Die Ergebnisse dieser Arbeit lassen den Schluss zu, dass die beobachteten Antikörperreaktionen auf eine Antigen-spezifische Memoryantwort zurückzuführen sind. In etwa 2/3 der Fälle wird eine Sepsis endogen durch Bakterien des eigenen Mikrobioms verursacht. Entsprechend war es nicht überraschend, dass gegen alle untersuchten Erreger bereits vor der Infektion und auch bei gesunden Kontrollpersonen basale antibakterielle IgG-Spiegel gemessen wurden. Zudem waren die IgG-Anstiege oft bereits zwischen Tag 0 und Tag 8 zu beobachten. Bei einer Primärantwort mit dem Erreger würde die Aktivierung der Zellen und der Klassenwechsel der Antikörper deutlich mehr Zeit erfordern.
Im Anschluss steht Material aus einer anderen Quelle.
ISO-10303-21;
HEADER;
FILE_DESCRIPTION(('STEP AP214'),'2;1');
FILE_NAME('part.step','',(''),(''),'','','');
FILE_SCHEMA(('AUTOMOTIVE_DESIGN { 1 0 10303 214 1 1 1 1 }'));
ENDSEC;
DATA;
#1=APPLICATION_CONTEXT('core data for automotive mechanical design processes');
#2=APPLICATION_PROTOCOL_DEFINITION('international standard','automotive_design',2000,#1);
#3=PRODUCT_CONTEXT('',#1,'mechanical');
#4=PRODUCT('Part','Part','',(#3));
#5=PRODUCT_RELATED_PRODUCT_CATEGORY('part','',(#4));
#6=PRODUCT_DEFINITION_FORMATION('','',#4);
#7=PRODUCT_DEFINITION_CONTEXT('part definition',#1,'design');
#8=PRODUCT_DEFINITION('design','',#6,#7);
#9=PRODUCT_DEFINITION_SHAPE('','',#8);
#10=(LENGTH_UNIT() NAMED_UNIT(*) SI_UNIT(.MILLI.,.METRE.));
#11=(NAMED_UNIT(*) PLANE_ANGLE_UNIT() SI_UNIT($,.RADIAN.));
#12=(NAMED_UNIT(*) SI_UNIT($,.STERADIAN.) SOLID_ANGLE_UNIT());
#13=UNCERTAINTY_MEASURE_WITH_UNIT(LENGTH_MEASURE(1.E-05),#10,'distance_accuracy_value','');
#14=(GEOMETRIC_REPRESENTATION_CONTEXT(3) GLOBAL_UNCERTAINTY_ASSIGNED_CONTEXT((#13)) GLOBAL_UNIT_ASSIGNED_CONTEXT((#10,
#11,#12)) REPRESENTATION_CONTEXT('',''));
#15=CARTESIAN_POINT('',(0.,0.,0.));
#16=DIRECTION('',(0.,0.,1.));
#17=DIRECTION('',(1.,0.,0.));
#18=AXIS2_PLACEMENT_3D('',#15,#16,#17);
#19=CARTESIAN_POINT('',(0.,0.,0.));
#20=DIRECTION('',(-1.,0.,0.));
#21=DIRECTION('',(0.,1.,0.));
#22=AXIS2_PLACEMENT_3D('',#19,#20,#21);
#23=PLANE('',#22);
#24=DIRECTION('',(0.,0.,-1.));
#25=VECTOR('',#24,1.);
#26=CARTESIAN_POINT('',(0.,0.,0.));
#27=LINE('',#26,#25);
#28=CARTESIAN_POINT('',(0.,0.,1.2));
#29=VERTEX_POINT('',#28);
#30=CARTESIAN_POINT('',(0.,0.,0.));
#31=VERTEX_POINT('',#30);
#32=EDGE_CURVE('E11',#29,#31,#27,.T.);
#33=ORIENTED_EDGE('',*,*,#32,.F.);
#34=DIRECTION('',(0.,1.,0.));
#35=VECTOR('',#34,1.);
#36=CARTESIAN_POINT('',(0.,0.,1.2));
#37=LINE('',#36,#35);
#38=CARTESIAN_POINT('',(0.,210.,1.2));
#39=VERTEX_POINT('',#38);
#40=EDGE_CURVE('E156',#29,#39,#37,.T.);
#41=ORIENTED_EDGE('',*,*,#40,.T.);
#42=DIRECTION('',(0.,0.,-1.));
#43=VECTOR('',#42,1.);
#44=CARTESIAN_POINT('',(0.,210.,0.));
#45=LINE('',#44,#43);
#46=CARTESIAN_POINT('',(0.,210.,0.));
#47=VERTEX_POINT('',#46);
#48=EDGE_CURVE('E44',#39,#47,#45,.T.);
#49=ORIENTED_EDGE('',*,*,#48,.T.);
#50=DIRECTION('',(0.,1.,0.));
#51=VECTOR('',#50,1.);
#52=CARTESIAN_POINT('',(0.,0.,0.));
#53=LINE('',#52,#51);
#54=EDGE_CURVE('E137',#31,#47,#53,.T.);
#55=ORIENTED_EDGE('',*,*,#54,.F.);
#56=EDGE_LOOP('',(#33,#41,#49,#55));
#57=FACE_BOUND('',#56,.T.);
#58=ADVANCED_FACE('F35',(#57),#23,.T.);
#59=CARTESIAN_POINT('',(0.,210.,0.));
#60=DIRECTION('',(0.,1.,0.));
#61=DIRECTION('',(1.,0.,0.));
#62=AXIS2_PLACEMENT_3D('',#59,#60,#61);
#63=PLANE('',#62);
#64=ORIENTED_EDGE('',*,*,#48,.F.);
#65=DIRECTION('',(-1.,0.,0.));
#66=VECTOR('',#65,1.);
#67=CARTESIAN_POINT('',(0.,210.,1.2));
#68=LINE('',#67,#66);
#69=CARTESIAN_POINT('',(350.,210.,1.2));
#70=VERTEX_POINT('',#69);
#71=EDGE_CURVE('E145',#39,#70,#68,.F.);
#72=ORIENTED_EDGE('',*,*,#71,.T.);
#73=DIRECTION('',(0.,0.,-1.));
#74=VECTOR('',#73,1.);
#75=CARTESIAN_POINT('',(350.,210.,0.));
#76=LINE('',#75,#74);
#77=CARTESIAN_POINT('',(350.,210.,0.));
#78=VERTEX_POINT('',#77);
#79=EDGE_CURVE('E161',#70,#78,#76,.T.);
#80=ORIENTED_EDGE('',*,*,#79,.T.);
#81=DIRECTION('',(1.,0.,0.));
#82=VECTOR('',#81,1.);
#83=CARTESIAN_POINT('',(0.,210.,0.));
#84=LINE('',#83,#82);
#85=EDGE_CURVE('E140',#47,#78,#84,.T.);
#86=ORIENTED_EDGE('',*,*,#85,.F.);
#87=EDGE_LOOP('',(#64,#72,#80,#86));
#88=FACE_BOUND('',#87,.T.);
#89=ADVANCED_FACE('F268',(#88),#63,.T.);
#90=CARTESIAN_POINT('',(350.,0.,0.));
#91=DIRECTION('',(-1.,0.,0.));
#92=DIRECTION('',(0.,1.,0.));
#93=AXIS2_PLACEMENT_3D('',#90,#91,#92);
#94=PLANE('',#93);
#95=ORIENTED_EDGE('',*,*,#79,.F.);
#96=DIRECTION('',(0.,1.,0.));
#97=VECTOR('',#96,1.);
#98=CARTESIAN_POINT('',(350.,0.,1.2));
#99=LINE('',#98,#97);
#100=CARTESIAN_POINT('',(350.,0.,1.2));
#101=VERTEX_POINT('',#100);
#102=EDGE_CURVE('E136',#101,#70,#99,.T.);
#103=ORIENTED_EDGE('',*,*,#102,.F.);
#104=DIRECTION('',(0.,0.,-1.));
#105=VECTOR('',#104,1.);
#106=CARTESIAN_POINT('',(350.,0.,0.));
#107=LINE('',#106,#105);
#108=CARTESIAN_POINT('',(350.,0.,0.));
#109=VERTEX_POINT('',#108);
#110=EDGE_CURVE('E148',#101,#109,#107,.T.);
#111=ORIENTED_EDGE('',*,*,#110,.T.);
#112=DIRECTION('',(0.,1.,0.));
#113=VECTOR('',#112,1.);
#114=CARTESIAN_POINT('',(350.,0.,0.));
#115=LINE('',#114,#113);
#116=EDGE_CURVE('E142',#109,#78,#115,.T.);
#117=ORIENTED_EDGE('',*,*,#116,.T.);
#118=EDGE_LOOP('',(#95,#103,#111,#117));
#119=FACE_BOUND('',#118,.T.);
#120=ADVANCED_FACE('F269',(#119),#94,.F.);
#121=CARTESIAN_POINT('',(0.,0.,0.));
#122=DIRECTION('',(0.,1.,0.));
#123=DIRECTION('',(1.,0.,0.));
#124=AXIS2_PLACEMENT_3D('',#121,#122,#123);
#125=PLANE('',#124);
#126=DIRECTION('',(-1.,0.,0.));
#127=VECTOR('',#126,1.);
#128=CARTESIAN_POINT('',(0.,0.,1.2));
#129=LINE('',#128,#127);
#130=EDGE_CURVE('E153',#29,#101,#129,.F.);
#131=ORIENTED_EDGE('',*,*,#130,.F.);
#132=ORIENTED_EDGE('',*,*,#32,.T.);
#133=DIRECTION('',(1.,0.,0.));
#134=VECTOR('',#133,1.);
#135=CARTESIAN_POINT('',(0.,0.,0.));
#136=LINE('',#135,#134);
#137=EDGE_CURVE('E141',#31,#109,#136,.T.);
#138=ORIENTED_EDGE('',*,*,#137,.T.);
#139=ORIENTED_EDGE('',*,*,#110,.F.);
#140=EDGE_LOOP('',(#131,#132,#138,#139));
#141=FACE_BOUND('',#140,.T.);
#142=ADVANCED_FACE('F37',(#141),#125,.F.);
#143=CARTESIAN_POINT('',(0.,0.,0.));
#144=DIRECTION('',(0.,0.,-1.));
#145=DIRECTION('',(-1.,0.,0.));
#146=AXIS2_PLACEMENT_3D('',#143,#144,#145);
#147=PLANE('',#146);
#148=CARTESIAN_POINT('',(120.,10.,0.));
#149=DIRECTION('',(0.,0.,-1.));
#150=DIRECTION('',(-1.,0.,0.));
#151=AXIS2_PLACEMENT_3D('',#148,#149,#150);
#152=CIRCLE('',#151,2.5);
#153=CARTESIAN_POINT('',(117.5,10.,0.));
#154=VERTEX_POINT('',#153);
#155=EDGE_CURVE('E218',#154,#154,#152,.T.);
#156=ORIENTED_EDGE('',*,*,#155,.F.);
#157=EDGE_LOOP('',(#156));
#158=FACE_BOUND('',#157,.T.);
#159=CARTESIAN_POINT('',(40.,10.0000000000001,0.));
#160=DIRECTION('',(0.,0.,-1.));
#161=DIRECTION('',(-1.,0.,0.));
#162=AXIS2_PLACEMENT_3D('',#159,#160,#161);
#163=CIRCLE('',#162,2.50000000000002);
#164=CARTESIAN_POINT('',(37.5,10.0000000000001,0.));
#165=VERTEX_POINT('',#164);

Die Untersuchung der Erreger-spezifischen Antikörperantwort hat gezeigt, dass ein serologischer Assay Rückschlüsse auf den Infektionserreger zulässt. Außerdem zeigen die Daten, dass auch Kommensale wie Darmbakterien das Immunsystem prägen, was wiederum Einfluss auf die humorale Immunantwort während einer Infektion haben kann. Dieser Aspekt wird bei Mausmodellen oft vernachlässigt, kann aber entscheidend für die Translation der Ergebnisse aus Tierversuchen auf den Menschen sein. Aber auch diagnostisch bietet der Infection Array Einsatzmöglichkeiten. Im Gegensatz zur konventionellen Erregerdiagnostik ist die Serologie robust gegenüber einer bereits begonnenen Antibiotikagabe, und sie könnte dabei helfen, zwischen einer Kontamination und dem Infektionserreger zu unterscheiden, z. B. im Fall von KNS wie S. epidermidis. Ebenso wäre der Einsatz bei Biofilm-assoziierten Infektionen wie z. B. Protheseninfektionen oder Endokarditis denkbar. Hier besteht die Infektion oft bereits lange asymptomatisch, bevor sie klinisch diagnostiziert wird. Bei Diagnose bestehen meist bereits erhöhte Antikörperspiegel, die sich von denen gesunder Individuen unterscheiden. Ein serologischer Test könnte hier invasive Eingriffe, um an Material für die mikrobiologische Diagnose heranzukommen, reduzieren und die Sensitivität der Erregerdiagnostik erhöhen. Durch den Einsatz rekombinanter Proteine kann die Spezifität des Assays in der Zukunft erhöht werden. Zu diesem Zweck wurden in dieser Arbeit bereits erste immunogene Proteine identifiziert. Durch die Verwendung rekombinanter Proteine wäre zudem zukünftig die Erweiterung des Erregerpanels um typische, aber womöglich schwerkultivierbare Erreger möglich. Damit könnte die Sepsisforschung Neuland betreten.